WORK ITEM:
After finding the line containing "#956 = DIRECTION" below, please output that line and each following one through the line containing "#1170 = VERTEX_POINT ( 'NONE', #144 ) ;", exactly as written.

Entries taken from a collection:
▬▬▬▬▬▬

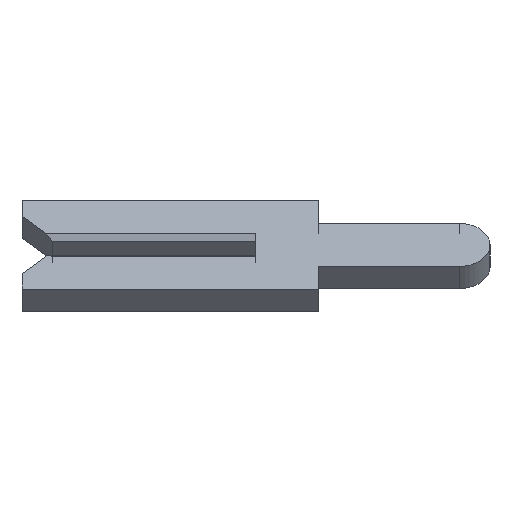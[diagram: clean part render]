
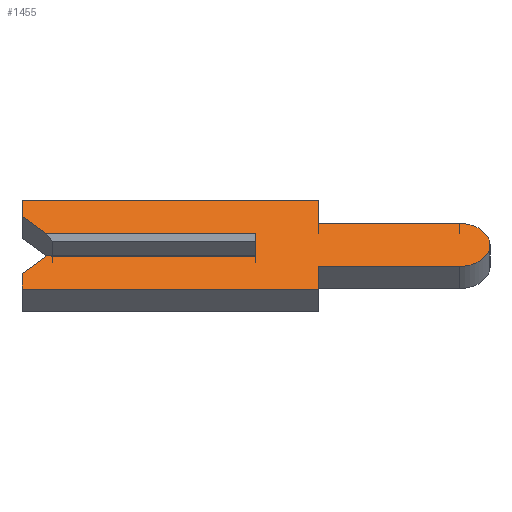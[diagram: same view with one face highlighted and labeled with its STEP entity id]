
A CAD part, left-side view. The second image highlights one B-rep face of the part: STEP entity #1455.
In plain terms, the highlighted face is planar.
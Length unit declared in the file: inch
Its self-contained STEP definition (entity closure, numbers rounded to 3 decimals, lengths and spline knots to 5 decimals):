
#9 = CARTESIAN_POINT ( 'NONE',  ( -0.01, 0.1305, 0.0065 ) ) ;
#16 = VERTEX_POINT ( 'NONE', #1752 ) ;
#35 = VECTOR ( 'NONE', #376, 39.37008 ) ;
#37 = CARTESIAN_POINT ( 'NONE',  ( -0.01, 0.134, 0.01 ) ) ;
#63 = DIRECTION ( 'NONE',  ( 0., -1., 0. ) ) ;
#74 = ORIENTED_EDGE ( 'NONE', *, *, #1383, .F. ) ;
#86 = CARTESIAN_POINT ( 'NONE',  ( -0.01, -0.04, -0.04 ) ) ;
#107 = EDGE_CURVE ( 'NONE', #1207, #773, #765, .T. ) ;
#119 = DIRECTION ( 'NONE',  ( 0., 0., 1. ) ) ;
#122 = AXIS2_PLACEMENT_3D ( 'NONE', #515, #1673, #805 ) ;
#140 = DIRECTION ( 'NONE',  ( 0., 0.707, 0.707 ) ) ;
#144 = CARTESIAN_POINT ( 'NONE',  ( -0.01, -0.04, 0.0195 ) ) ;
#207 = CARTESIAN_POINT ( 'NONE',  ( -0.01, 0.15, 0.026 ) ) ;
#211 = EDGE_CURVE ( 'NONE', #896, #400, #517, .T. ) ;
#214 = CARTESIAN_POINT ( 'NONE',  ( -0.01, 0.15, 0.01 ) ) ;
#222 = CARTESIAN_POINT ( 'NONE',  ( -0.01, -0.04, 0.0195 ) ) ;
#225 = LINE ( 'NONE', #992, #1012 ) ;
#232 = DIRECTION ( 'NONE',  ( 0., 0., -1. ) ) ;
#243 = VECTOR ( 'NONE', #232, 39.37008 ) ;
#244 = DIRECTION ( 'NONE',  ( 0., -0.707, 0.707 ) ) ;
#254 = ORIENTED_EDGE ( 'NONE', *, *, #1159, .F. ) ;
#257 = CARTESIAN_POINT ( 'NONE',  ( -0.01, 0.15, 0.04 ) ) ;
#262 = DIRECTION ( 'NONE',  ( 1., 0., 0. ) ) ;
#268 = VECTOR ( 'NONE', #952, 39.37008 ) ;
#288 = LINE ( 'NONE', #681, #630 ) ;
#320 = CARTESIAN_POINT ( 'NONE',  ( -0.01, 0.15, -0.026 ) ) ;
#349 = VERTEX_POINT ( 'NONE', #1772 ) ;
#360 = LINE ( 'NONE', #541, #1742 ) ;
#376 = DIRECTION ( 'NONE',  ( 0., 0., -1. ) ) ;
#378 = LINE ( 'NONE', #811, #268 ) ;
#397 = VECTOR ( 'NONE', #1154, 39.37008 ) ;
#400 = VERTEX_POINT ( 'NONE', #1021 ) ;
#404 = CARTESIAN_POINT ( 'NONE',  ( -0.01, -0.1305, 0. ) ) ;
#422 = LINE ( 'NONE', #795, #1818 ) ;
#462 = VERTEX_POINT ( 'NONE', #320 ) ;
#465 = VERTEX_POINT ( 'NONE', #1200 ) ;
#481 = CARTESIAN_POINT ( 'NONE',  ( -0.01, -0.04, -0.0195 ) ) ;
#515 = CARTESIAN_POINT ( 'NONE',  ( -0.01, -0.1305, 0. ) ) ;
#517 = LINE ( 'NONE', #9, #1617 ) ;
#521 = ORIENTED_EDGE ( 'NONE', *, *, #107, .F. ) ;
#541 = CARTESIAN_POINT ( 'NONE',  ( -0.01, 0.15, -0.026 ) ) ;
#549 = ORIENTED_EDGE ( 'NONE', *, *, #987, .T. ) ;
#559 = CARTESIAN_POINT ( 'NONE',  ( -0.01, -0.04, 0.04 ) ) ;
#609 = LINE ( 'NONE', #86, #243 ) ;
#623 = ORIENTED_EDGE ( 'NONE', *, *, #1677, .F. ) ;
#630 = VECTOR ( 'NONE', #997, 39.37008 ) ;
#668 = DIRECTION ( 'NONE',  ( 0., -1., 0. ) ) ;
#674 = LINE ( 'NONE', #222, #993 ) ;
#681 = CARTESIAN_POINT ( 'NONE',  ( -0.01, -0.04, -0.0195 ) ) ;
#692 = EDGE_LOOP ( 'NONE', ( #549, #1679, #749, #254, #623, #521, #959, #1429, #1628, #1826, #837, #74, #1052, #978 ) ) ;
#718 = VECTOR ( 'NONE', #244, 39.37008 ) ;
#720 = VECTOR ( 'NONE', #1498, 39.37008 ) ;
#749 = ORIENTED_EDGE ( 'NONE', *, *, #1249, .F. ) ;
#765 = LINE ( 'NONE', #1160, #397 ) ;
#773 = VERTEX_POINT ( 'NONE', #1509 ) ;
#792 = EDGE_CURVE ( 'NONE', #400, #1481, #830, .T. ) ;
#795 = CARTESIAN_POINT ( 'NONE',  ( -0.01, -0.1305, -0.01 ) ) ;
#805 = DIRECTION ( 'NONE',  ( 0., 0., -1. ) ) ;
#811 = CARTESIAN_POINT ( 'NONE',  ( -0.01, 0.15, 0.04 ) ) ;
#830 = LINE ( 'NONE', #207, #720 ) ;
#837 = ORIENTED_EDGE ( 'NONE', *, *, #1413, .F. ) ;
#863 = VERTEX_POINT ( 'NONE', #1655 ) ;
#896 = VERTEX_POINT ( 'NONE', #37 ) ;
#900 = LINE ( 'NONE', #1252, #35 ) ;
#912 = AXIS2_PLACEMENT_3D ( 'NONE', #404, #262, #1568 ) ;
#952 = DIRECTION ( 'NONE',  ( 0., -1., 0. ) ) ;
#956 = DIRECTION ( 'NONE',  ( 0., -1., 0. ) ) ;
#959 = ORIENTED_EDGE ( 'NONE', *, *, #1449, .F. ) ;
#978 = ORIENTED_EDGE ( 'NONE', *, *, #211, .F. ) ;
#987 = EDGE_CURVE ( 'NONE', #896, #1494, #1202, .T. ) ;
#992 = CARTESIAN_POINT ( 'NONE',  ( -0.01, 0., 0.0065 ) ) ;
#993 = VECTOR ( 'NONE', #668, 39.37008 ) ;
#997 = DIRECTION ( 'NONE',  ( 0., 1., 0. ) ) ;
#1012 = VECTOR ( 'NONE', #119, 39.37008 ) ;
#1021 = CARTESIAN_POINT ( 'NONE',  ( -0.01, 0.15, 0.026 ) ) ;
#1052 = ORIENTED_EDGE ( 'NONE', *, *, #792, .F. ) ;
#1079 = VECTOR ( 'NONE', #63, 39.37008 ) ;
#1097 = VERTEX_POINT ( 'NONE', #481 ) ;
#1153 = CIRCLE ( 'NONE', #122, 0.0195 ) ;
#1154 = DIRECTION ( 'NONE',  ( 0., 1., 0. ) ) ;
#1159 = EDGE_CURVE ( 'NONE', #462, #465, #1682, .T. ) ;
#1160 = CARTESIAN_POINT ( 'NONE',  ( -0.01, 0.15, -0.04 ) ) ;
#1170 = VERTEX_POINT ( 'NONE', #144 ) ;
#1200 = CARTESIAN_POINT ( 'NONE',  ( -0.01, 0.134, -0.01 ) ) ;
#1202 = LINE ( 'NONE', #214, #1079 ) ;
#1207 = VERTEX_POINT ( 'NONE', #1685 ) ;
#1222 = EDGE_CURVE ( 'NONE', #863, #349, #1153, .T. ) ;
#1249 = EDGE_CURVE ( 'NONE', #465, #16, #422, .T. ) ;
#1252 = CARTESIAN_POINT ( 'NONE',  ( -0.01, -0.04, 0.04 ) ) ;
#1383 = EDGE_CURVE ( 'NONE', #1481, #1686, #378, .T. ) ;
#1411 = PLANE ( 'NONE',  #912 ) ;
#1413 = EDGE_CURVE ( 'NONE', #1686, #1170, #900, .T. ) ;
#1429 = ORIENTED_EDGE ( 'NONE', *, *, #1583, .F. ) ;
#1434 = EDGE_CURVE ( 'NONE', #1170, #863, #674, .T. ) ;
#1449 = EDGE_CURVE ( 'NONE', #1097, #1207, #609, .T. ) ;
#1455 = ADVANCED_FACE ( 'NONE', ( #1797 ), #1411, .F. ) ;
#1481 = VERTEX_POINT ( 'NONE', #257 ) ;
#1494 = VERTEX_POINT ( 'NONE', #1726 ) ;
#1498 = DIRECTION ( 'NONE',  ( 0., 0., 1. ) ) ;
#1509 = CARTESIAN_POINT ( 'NONE',  ( -0.01, 0.15, -0.04 ) ) ;
#1519 = CARTESIAN_POINT ( 'NONE',  ( -0.01, 0.1305, -0.0065 ) ) ;
#1554 = EDGE_CURVE ( 'NONE', #16, #1494, #225, .T. ) ;
#1568 = DIRECTION ( 'NONE',  ( 0., 0., -1. ) ) ;
#1580 = DIRECTION ( 'NONE',  ( 0., 0., 1. ) ) ;
#1583 = EDGE_CURVE ( 'NONE', #349, #1097, #288, .T. ) ;
#1617 = VECTOR ( 'NONE', #140, 39.37008 ) ;
#1628 = ORIENTED_EDGE ( 'NONE', *, *, #1222, .F. ) ;
#1655 = CARTESIAN_POINT ( 'NONE',  ( -0.01, -0.1305, 0.0195 ) ) ;
#1673 = DIRECTION ( 'NONE',  ( 1., 0., 0. ) ) ;
#1677 = EDGE_CURVE ( 'NONE', #773, #462, #360, .T. ) ;
#1679 = ORIENTED_EDGE ( 'NONE', *, *, #1554, .F. ) ;
#1682 = LINE ( 'NONE', #1519, #718 ) ;
#1685 = CARTESIAN_POINT ( 'NONE',  ( -0.01, -0.04, -0.04 ) ) ;
#1686 = VERTEX_POINT ( 'NONE', #559 ) ;
#1726 = CARTESIAN_POINT ( 'NONE',  ( -0.01, 0., 0.01 ) ) ;
#1742 = VECTOR ( 'NONE', #1580, 39.37008 ) ;
#1752 = CARTESIAN_POINT ( 'NONE',  ( -0.01, 0., -0.01 ) ) ;
#1772 = CARTESIAN_POINT ( 'NONE',  ( -0.01, -0.1305, -0.0195 ) ) ;
#1797 = FACE_OUTER_BOUND ( 'NONE', #692, .T. ) ;
#1818 = VECTOR ( 'NONE', #956, 39.37008 ) ;
#1826 = ORIENTED_EDGE ( 'NONE', *, *, #1434, .F. ) ;

▬▬▬▬▬▬

ANSWER AREA:
#956 = DIRECTION ( 'NONE',  ( 0., -1., 0. ) ) ;
#959 = ORIENTED_EDGE ( 'NONE', *, *, #1449, .F. ) ;
#978 = ORIENTED_EDGE ( 'NONE', *, *, #211, .F. ) ;
#987 = EDGE_CURVE ( 'NONE', #896, #1494, #1202, .T. ) ;
#992 = CARTESIAN_POINT ( 'NONE',  ( -0.01, 0., 0.0065 ) ) ;
#993 = VECTOR ( 'NONE', #668, 39.37008 ) ;
#997 = DIRECTION ( 'NONE',  ( 0., 1., 0. ) ) ;
#1012 = VECTOR ( 'NONE', #119, 39.37008 ) ;
#1021 = CARTESIAN_POINT ( 'NONE',  ( -0.01, 0.15, 0.026 ) ) ;
#1052 = ORIENTED_EDGE ( 'NONE', *, *, #792, .F. ) ;
#1079 = VECTOR ( 'NONE', #63, 39.37008 ) ;
#1097 = VERTEX_POINT ( 'NONE', #481 ) ;
#1153 = CIRCLE ( 'NONE', #122, 0.0195 ) ;
#1154 = DIRECTION ( 'NONE',  ( 0., 1., 0. ) ) ;
#1159 = EDGE_CURVE ( 'NONE', #462, #465, #1682, .T. ) ;
#1160 = CARTESIAN_POINT ( 'NONE',  ( -0.01, 0.15, -0.04 ) ) ;
#1170 = VERTEX_POINT ( 'NONE', #144 ) ;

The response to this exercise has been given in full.